» **WHAT NEEDS TO BE DONE**
Reproduce, exactly and in full, only the lines below from the one containing "line L63 (-1.1463, -1.8718)" through the one containing "line L69 (-4.1437, -0.9266)".

::::

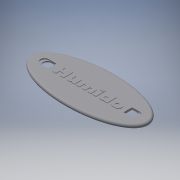
# Autodesk Inventor part: Top Lid
Saved by Autodesk Inventor 2016 (Build 200138000, 138)
## iProperties
Created: 2018-11-09
Part Number: Top Lid
Material: Generic
Document SubType Name: Modeling
Designer: Justin
Density: 1 g/cm^3
Appearance: Default
Author: Justin
Autodesk Inventor part; units mm, degrees
ref_plane "YZ Plane" through (0, 0, 0) normal (1, 0, 0) x (0, 1, 0)
ref_plane "XY Plane" through (0, 0, 0) normal (0, 0, 1) x (1, 0, 0)
ref_plane "XZ .125" through (0, -3.175, 0) normal (0, 1, 0) x (-1, 0, 0)
sketch "Sketch1" plane through (0, 0, 0) normal (0, 1, 0) x (-1, 0, 0)
  ellipse E0 centre (0, 0) end of major axis (-44.7802, 0) minor radius 19.05
  dimension "d0" = 44.7802
  dimension "d1" = 19.05
  constraints: 1 coincident, 2 other
extrude "Extrusion1" add sketch "Sketch1" against normal blind 3.175
fillet "Fillet1" radius 1.5875 2 edges at (-44.7802, -3.175, 0) (-44.7802, 0, 0)
sketch "Sketch5" plane through (0, 0, 0) normal (0, 1, 0) x (-1, 0, 0)
  line L0 (25.1643, 3.6662) -> (25.1643, -3.4417)
  line L1 (25.1643, -3.4417) -> (22.4105, -3.4417)
  line L2 (22.4105, -3.4417) -> (22.4105, -0.9811)
  line L3 (22.4105, -0.9811) -> (19.2675, -0.9811)
  line L4 (19.2675, -0.9811) -> (19.2675, -3.4417)
  line L5 (19.2675, -3.4417) -> (16.5137, -3.4417)
  line L6 (16.5137, -3.4417) -> (16.5137, 3.6662)
  line L7 (16.5137, 3.6662) -> (19.2675, 3.6662)
  line L8 (19.2675, 3.6662) -> (19.2675, 0.7923)
  line L9 (19.2675, 0.7923) -> (22.4105, 0.7923)
  line L10 (22.4105, 0.7923) -> (22.4105, 3.6662)
  line L11 (22.4105, 3.6662) -> (25.1643, 3.6662)
  spline S0 degree 3 poles (10.5976, 3.0943) (10.9244, 3.325) (11.2665, 3.4964) (11.6237, 3.6085) knots 0 0 0 0 1 1 1 1
  line L12 (10.5976, 3.0943) -> (10.9244, 3.325) construction
  line L13 (10.9244, 3.325) -> (11.2665, 3.4964) construction
  line L14 (11.2665, 3.4964) -> (11.6237, 3.6085) construction
  spline S1 degree 3 poles (11.6237, 3.6085) (11.981, 3.7207) (12.3646, 3.7768) (12.7747, 3.7768) (13.5821, 3.7768) (14.1725, 3.5709) (14.5457, 3.1592) knots 1 1 1 1 2 2 2 3 3 3 3
  line L15 (11.6237, 3.6085) -> (11.981, 3.7207) construction
  line L16 (11.981, 3.7207) -> (12.3646, 3.7768) construction
  line L17 (12.3646, 3.7768) -> (12.7747, 3.7768) construction
  line L18 (12.7747, 3.7768) -> (13.5821, 3.7768) construction
  line L19 (13.5821, 3.7768) -> (14.1725, 3.5709) construction
  line L20 (14.1725, 3.5709) -> (14.5457, 3.1592) construction
  spline S2 degree 3 poles (14.5457, 3.1592) (14.919, 2.7476) (15.1056, 2.0964) (15.1056, 1.2056) knots 3 3 3 3 4 4 4 4
  line L21 (14.5457, 3.1592) -> (14.919, 2.7476) construction
  line L22 (14.919, 2.7476) -> (15.1056, 2.0964) construction
  line L23 (15.1056, 2.0964) -> (15.1056, 1.2056) construction
  line L24 (15.1056, 1.2056) -> (15.1056, -1.8462)
  line L25 (15.1056, -1.8462) -> (12.6449, -1.8462)
  line L26 (12.6449, -1.8462) -> (12.6449, 0.7442)
  spline S3 degree 3 poles (12.6449, 0.7442) (12.6449, 1.1544) (12.5793, 1.4371) (12.4479, 1.5925) knots 7 7 7 7 8 8 8 8
  line L27 (12.6449, 0.7442) -> (12.6449, 1.1544) construction
  line L28 (12.6449, 1.1544) -> (12.5793, 1.4371) construction
  line L29 (12.5793, 1.4371) -> (12.4479, 1.5925) construction
  spline S4 degree 3 poles (12.4479, 1.5925) (12.3166, 1.748) (12.0875, 1.8256) (11.7607, 1.8256) (11.3986, 1.8256) (11.1143, 1.739) (10.9076, 1.566) (10.701, 1.393) (10.5976, 1.1544) (10.5976, 0.85) knots 8 8 8 8 9 9 9 10 10 10 11 11 11 11
  line L30 (12.4479, 1.5925) -> (12.3166, 1.748) construction
  line L31 (12.3166, 1.748) -> (12.0875, 1.8256) construction
  line L32 (12.0875, 1.8256) -> (11.7607, 1.8256) construction
  line L33 (11.7607, 1.8256) -> (11.3986, 1.8256) construction
  line L34 (11.3986, 1.8256) -> (11.1143, 1.739) construction
  line L35 (11.1143, 1.739) -> (10.9076, 1.566) construction
  line L36 (10.9076, 1.566) -> (10.701, 1.393) construction
  line L37 (10.701, 1.393) -> (10.5976, 1.1544) construction
  line L38 (10.5976, 1.1544) -> (10.5976, 0.85) construction
  line L39 (10.5976, 0.85) -> (10.5976, -1.8462)
  line L40 (10.5976, -1.8462) -> (8.137, -1.8462)
  line L41 (8.137, -1.8462) -> (8.137, 3.6662)
  line L42 (8.137, 3.6662) -> (10.5976, 3.6662)
  line L43 (10.5976, 3.6662) -> (10.5976, 3.0943)
  line L44 (6.8394, 3.6662) -> (6.8394, -1.8462)
  line L45 (6.8394, -1.8462) -> (4.398, -1.8462)
  line L46 (4.398, -1.8462) -> (4.398, -1.2743)
  spline S5 degree 3 poles (4.398, -1.2743) (4.0712, -1.5081) (3.7365, -1.6795) (3.3936, -1.7885) knots 3 3 3 3 4 4 4 4
  line L47 (4.398, -1.2743) -> (4.0712, -1.5081) construction
  line L48 (4.0712, -1.5081) -> (3.7365, -1.6795) construction
  line L49 (3.7365, -1.6795) -> (3.3936, -1.7885) construction
  spline S6 degree 3 poles (3.3936, -1.7885) (3.0508, -1.8974) (2.6807, -1.9519) (2.2834, -1.9519) (1.8382, -1.9519) (1.4648, -1.8726) (1.1637, -1.714) knots 4 4 4 4 5 5 5 6 6 6 6
  line L50 (3.3936, -1.7885) -> (3.0508, -1.8974) construction
  line L51 (3.0508, -1.8974) -> (2.6807, -1.9519) construction
  line L52 (2.6807, -1.9519) -> (2.2834, -1.9519) construction
  line L53 (2.2834, -1.9519) -> (1.8382, -1.9519) construction
  line L54 (1.8382, -1.9519) -> (1.4648, -1.8726) construction
  line L55 (1.4648, -1.8726) -> (1.1637, -1.714) construction
  spline S7 degree 3 poles (1.1637, -1.714) (0.8626, -1.5554) (0.6046, -1.3047) (0.3899, -0.9619) knots 6 6 6 6 7 7 7 7
  line L56 (1.1637, -1.714) -> (0.8626, -1.5554) construction
  line L57 (0.8626, -1.5554) -> (0.6046, -1.3047) construction
  line L58 (0.6046, -1.3047) -> (0.3899, -0.9619) construction
  spline S8 degree 3 poles (0.3899, -0.9619) (0.0279, -1.3014) (-0.3518, -1.5513) (-0.7491, -1.7116) knots 7 7 7 7 8 8 8 8
  line L59 (0.3899, -0.9619) -> (0.0279, -1.3014) construction
  line L60 (0.0279, -1.3014) -> (-0.3518, -1.5513) construction
  line L61 (-0.3518, -1.5513) -> (-0.7491, -1.7116) construction
  spline S9 degree 3 poles (-0.7491, -1.7116) (-1.1463, -1.8718) (-1.5869, -1.9519) (-2.0707, -1.9519) (-2.8493, -1.9519) (-3.4195, -1.7468) (-3.7816, -1.3367) knots 8 8 8 8 9 9 9 10 10 10 10
  line L62 (-0.7491, -1.7116) -> (-1.1463, -1.8718) construction
  line L63 (-1.1463, -1.8718) -> (-1.5869, -1.9519) construction
  line L64 (-1.5869, -1.9519) -> (-2.0707, -1.9519) construction
  line L65 (-2.0707, -1.9519) -> (-2.8493, -1.9519) construction
  line L66 (-2.8493, -1.9519) -> (-3.4195, -1.7468) construction
  line L67 (-3.4195, -1.7468) -> (-3.7816, -1.3367) construction
  spline S10 degree 3 poles (-3.7816, -1.3367) (-4.1437, -0.9266) (-4.3247, -0.2762) (-4.3247, 0.6145) knots 10 10 10 10 11 11 11 11
  line L68 (-3.7816, -1.3367) -> (-4.1437, -0.9266) construction
  line L69 (-4.1437, -0.9266) -> (-4.3247, -0.2762) construction
  line L70 (-4.3247, -0.2762) -> (-4.3247, 0.6145) construction
  line L71 (-4.3247, 0.6145) -> (-4.3247, 3.6662)
  line L72 (-4.3247, 3.6662) -> (-1.8929, 3.6662)
  line L73 (-1.8929, 3.6662) -> (-1.8929, 1.0758)
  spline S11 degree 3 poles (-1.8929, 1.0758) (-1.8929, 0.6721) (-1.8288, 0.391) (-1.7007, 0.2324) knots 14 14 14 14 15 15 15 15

::::

» **ANSWER TO THE PROBLEM**
  line L63 (-1.1463, -1.8718) -> (-1.5869, -1.9519) construction
  line L64 (-1.5869, -1.9519) -> (-2.0707, -1.9519) construction
  line L65 (-2.0707, -1.9519) -> (-2.8493, -1.9519) construction
  line L66 (-2.8493, -1.9519) -> (-3.4195, -1.7468) construction
  line L67 (-3.4195, -1.7468) -> (-3.7816, -1.3367) construction
  spline S10 degree 3 poles (-3.7816, -1.3367) (-4.1437, -0.9266) (-4.3247, -0.2762) (-4.3247, 0.6145) knots 10 10 10 10 11 11 11 11
  line L68 (-3.7816, -1.3367) -> (-4.1437, -0.9266) construction
  line L69 (-4.1437, -0.9266) -> (-4.3247, -0.2762) construction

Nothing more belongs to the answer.